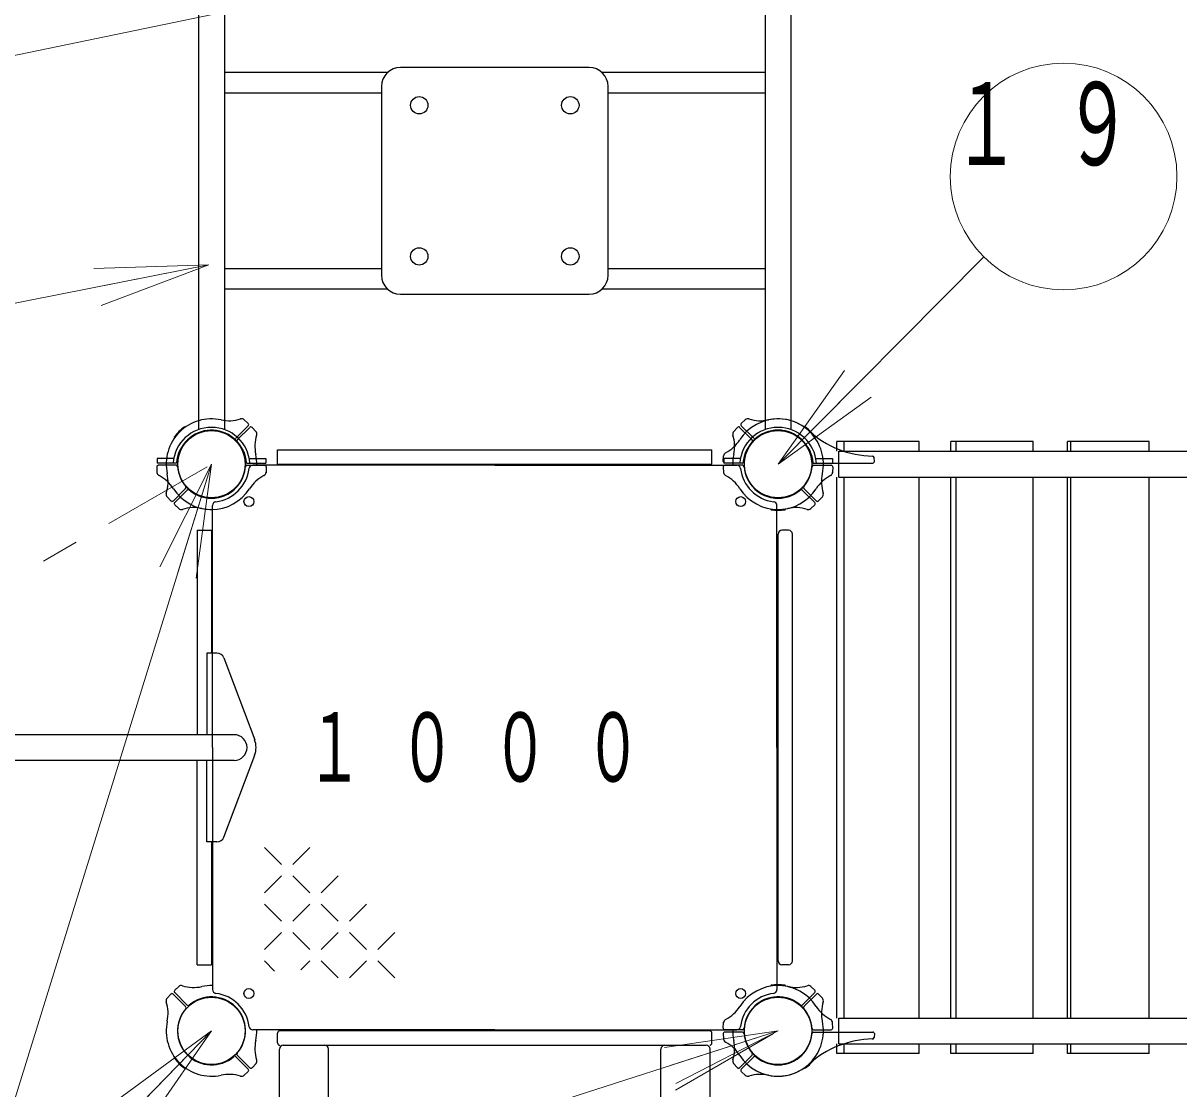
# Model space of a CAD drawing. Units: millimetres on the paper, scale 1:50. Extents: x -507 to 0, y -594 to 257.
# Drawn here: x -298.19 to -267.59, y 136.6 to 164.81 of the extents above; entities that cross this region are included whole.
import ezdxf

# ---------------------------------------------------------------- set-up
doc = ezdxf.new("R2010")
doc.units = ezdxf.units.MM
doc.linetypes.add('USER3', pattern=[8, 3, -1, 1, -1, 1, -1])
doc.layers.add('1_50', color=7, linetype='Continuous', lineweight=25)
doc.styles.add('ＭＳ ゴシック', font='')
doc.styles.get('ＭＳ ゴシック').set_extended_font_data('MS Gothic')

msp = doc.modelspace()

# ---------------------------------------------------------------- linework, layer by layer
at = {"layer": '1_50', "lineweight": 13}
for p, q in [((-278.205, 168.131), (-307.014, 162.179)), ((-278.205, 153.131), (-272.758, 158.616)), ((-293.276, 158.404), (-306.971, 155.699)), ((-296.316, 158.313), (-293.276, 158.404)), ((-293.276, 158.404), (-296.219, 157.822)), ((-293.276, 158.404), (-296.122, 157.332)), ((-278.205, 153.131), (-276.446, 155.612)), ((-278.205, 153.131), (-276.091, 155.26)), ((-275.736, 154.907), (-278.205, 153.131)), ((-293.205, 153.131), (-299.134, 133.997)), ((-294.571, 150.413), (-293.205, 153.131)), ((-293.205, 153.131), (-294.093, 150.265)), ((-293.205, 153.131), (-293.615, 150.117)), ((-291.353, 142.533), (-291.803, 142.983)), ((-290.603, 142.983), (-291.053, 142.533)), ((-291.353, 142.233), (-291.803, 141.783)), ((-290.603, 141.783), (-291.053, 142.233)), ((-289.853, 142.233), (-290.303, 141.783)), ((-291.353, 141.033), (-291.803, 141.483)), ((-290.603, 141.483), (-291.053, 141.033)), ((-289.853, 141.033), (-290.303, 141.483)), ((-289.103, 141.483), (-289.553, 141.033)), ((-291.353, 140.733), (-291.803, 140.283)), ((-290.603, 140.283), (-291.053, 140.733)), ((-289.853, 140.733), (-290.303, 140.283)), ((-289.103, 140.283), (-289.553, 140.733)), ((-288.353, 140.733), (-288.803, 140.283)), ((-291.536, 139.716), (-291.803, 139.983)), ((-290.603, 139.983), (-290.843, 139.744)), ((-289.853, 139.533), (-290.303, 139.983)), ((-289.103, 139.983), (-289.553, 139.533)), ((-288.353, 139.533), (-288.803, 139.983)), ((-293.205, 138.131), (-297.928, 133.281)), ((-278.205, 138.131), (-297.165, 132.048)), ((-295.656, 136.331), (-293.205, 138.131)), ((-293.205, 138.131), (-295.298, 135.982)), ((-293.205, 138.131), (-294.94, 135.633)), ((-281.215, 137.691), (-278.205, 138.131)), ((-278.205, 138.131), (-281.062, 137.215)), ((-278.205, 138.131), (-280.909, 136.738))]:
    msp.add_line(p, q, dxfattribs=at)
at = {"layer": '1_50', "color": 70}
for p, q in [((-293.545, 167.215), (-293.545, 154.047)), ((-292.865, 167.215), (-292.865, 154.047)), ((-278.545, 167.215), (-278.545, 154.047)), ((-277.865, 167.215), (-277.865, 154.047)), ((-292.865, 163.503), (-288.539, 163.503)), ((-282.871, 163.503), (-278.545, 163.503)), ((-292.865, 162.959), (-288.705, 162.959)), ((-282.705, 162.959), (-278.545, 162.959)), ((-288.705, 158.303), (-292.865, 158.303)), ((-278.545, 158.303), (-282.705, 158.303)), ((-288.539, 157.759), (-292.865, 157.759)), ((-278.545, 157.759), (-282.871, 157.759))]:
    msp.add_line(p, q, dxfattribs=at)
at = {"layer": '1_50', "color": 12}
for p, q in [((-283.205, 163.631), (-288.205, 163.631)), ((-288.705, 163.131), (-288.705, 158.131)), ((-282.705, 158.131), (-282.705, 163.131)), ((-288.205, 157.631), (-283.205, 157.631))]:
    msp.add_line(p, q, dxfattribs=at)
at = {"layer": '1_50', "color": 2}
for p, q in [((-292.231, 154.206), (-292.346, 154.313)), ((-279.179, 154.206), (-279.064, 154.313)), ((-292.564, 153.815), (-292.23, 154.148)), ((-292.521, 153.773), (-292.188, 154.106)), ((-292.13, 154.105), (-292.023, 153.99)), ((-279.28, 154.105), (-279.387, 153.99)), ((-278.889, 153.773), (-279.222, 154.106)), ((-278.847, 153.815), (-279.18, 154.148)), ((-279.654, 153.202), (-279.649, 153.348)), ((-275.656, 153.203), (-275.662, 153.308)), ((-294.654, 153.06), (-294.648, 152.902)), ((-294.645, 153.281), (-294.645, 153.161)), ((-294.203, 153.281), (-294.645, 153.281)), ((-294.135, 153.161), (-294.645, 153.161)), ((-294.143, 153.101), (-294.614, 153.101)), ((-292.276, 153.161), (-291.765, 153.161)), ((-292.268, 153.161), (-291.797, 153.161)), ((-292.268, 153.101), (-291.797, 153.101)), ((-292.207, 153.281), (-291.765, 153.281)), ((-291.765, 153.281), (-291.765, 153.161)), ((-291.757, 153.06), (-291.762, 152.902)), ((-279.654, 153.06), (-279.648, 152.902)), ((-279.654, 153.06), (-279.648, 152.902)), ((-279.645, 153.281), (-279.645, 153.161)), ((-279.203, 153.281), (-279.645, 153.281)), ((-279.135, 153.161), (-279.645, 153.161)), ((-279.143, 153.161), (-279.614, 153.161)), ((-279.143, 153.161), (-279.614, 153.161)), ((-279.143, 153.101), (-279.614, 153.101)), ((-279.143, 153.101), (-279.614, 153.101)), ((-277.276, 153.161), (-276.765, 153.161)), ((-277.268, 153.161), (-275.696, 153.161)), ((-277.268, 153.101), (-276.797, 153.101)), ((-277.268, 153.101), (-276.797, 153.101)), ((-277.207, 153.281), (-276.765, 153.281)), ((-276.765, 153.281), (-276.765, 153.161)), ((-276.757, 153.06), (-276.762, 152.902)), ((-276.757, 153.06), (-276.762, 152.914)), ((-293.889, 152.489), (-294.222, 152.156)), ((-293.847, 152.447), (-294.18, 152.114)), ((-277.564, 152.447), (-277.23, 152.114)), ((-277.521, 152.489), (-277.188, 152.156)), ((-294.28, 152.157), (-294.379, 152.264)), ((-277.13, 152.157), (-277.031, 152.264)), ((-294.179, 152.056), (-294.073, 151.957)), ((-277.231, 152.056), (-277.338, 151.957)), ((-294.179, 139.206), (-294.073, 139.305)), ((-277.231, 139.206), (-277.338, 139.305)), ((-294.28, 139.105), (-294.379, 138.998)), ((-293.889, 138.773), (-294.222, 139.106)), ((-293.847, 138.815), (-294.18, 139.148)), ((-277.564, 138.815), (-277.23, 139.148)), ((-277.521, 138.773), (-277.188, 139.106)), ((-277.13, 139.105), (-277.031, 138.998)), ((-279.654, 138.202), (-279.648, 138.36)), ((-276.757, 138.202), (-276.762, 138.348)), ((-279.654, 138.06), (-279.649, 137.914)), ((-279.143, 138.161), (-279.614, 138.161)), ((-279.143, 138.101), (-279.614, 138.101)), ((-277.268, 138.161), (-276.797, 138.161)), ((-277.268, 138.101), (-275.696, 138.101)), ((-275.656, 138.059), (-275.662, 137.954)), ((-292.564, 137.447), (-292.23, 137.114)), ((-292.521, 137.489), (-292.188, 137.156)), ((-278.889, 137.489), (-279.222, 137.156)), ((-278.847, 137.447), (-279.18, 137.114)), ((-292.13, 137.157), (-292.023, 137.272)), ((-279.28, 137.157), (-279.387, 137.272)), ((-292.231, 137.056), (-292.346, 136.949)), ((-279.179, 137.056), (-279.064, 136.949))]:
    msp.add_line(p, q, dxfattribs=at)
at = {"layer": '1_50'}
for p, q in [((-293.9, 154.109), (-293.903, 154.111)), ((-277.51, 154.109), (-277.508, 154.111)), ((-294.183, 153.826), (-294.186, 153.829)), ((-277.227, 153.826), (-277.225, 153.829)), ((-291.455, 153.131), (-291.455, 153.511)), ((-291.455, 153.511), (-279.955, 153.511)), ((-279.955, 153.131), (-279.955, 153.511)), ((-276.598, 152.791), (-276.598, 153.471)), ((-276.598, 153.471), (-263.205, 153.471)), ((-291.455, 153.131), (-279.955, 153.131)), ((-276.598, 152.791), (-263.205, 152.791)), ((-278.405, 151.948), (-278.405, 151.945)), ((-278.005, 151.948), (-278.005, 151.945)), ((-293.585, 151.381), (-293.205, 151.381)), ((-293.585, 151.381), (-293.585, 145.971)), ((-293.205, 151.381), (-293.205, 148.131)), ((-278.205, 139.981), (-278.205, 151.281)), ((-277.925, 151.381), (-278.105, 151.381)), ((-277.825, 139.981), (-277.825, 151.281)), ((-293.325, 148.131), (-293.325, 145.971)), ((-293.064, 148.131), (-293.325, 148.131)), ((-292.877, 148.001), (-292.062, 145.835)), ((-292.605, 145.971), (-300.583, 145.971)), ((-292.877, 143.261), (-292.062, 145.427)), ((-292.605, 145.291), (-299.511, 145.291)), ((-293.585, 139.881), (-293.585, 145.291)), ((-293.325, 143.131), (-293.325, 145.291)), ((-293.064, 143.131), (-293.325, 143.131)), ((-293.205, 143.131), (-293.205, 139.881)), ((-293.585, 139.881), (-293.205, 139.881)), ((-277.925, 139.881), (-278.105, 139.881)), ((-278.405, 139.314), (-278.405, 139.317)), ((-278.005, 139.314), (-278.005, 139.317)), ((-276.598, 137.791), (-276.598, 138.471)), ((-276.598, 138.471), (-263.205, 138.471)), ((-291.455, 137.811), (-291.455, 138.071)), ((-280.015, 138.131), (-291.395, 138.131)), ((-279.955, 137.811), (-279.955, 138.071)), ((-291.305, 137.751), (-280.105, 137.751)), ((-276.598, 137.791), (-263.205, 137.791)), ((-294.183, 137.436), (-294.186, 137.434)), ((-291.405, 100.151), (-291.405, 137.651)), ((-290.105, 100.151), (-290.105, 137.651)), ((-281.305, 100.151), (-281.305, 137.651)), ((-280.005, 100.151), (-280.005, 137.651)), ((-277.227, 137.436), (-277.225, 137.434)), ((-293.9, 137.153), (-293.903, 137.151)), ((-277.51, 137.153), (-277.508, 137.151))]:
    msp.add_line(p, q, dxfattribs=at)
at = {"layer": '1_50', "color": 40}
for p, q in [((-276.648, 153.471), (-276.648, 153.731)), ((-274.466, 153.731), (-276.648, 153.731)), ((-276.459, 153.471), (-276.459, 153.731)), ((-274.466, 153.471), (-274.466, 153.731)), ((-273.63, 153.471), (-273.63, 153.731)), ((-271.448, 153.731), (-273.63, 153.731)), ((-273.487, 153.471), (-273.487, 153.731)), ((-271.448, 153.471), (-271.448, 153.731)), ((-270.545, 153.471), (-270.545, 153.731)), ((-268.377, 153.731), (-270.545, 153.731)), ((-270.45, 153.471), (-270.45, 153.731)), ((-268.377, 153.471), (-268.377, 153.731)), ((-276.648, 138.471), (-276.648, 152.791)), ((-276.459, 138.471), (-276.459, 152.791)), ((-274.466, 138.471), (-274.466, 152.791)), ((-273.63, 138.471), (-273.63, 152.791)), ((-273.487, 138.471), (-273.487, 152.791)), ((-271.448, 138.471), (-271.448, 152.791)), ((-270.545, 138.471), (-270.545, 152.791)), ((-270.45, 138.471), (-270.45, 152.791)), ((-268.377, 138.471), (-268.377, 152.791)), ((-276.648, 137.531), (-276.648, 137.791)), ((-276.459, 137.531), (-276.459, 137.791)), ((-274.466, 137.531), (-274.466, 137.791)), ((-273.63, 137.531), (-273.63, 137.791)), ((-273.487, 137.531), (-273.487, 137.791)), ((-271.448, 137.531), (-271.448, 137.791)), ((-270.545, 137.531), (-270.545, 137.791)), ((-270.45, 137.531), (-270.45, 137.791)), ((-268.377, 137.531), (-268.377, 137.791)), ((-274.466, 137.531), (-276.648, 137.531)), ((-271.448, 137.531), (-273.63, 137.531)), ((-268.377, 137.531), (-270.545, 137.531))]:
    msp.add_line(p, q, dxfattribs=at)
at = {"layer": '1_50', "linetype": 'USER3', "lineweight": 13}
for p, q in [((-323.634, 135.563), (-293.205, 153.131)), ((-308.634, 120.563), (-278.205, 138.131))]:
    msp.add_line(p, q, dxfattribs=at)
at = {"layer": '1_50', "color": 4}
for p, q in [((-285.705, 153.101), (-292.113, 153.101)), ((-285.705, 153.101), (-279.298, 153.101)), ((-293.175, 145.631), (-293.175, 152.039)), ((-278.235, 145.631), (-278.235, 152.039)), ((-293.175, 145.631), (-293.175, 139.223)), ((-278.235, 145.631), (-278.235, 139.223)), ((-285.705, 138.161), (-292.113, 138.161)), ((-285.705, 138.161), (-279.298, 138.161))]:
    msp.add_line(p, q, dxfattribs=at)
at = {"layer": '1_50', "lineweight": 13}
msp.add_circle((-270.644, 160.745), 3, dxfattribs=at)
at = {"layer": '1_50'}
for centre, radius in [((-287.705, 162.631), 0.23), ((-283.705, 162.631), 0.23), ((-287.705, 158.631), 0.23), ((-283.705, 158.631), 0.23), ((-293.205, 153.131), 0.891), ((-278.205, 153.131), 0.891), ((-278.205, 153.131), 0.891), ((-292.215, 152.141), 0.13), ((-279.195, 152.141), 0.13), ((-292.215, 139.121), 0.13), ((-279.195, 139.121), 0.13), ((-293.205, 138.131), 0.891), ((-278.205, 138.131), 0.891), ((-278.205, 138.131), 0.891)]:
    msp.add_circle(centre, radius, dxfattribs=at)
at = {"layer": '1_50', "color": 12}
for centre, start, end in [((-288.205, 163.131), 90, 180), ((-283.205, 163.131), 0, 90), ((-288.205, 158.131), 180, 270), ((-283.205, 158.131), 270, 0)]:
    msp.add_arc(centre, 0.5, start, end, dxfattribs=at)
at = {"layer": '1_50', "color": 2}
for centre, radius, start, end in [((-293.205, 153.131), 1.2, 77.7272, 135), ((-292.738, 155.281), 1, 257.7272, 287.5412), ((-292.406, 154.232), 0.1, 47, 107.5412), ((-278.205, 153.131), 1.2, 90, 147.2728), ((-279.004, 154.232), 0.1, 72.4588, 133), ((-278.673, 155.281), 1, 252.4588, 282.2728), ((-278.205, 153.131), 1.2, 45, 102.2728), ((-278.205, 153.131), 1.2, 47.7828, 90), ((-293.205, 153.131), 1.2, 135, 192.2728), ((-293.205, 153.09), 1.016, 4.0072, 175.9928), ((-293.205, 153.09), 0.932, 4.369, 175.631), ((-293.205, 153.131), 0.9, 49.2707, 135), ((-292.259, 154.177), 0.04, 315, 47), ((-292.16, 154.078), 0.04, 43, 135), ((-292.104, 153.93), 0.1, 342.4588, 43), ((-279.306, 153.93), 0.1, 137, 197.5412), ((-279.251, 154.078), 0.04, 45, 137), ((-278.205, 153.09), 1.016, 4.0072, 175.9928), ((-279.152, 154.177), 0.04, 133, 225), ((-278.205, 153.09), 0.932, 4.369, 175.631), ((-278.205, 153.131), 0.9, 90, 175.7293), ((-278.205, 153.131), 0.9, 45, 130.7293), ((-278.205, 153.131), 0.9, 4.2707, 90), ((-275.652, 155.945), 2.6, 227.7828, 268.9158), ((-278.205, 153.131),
****************************************
(Required action) Tally the lines of the material that contain the word "ゴシック" and say the number, nothing more.

(Problem solution) 2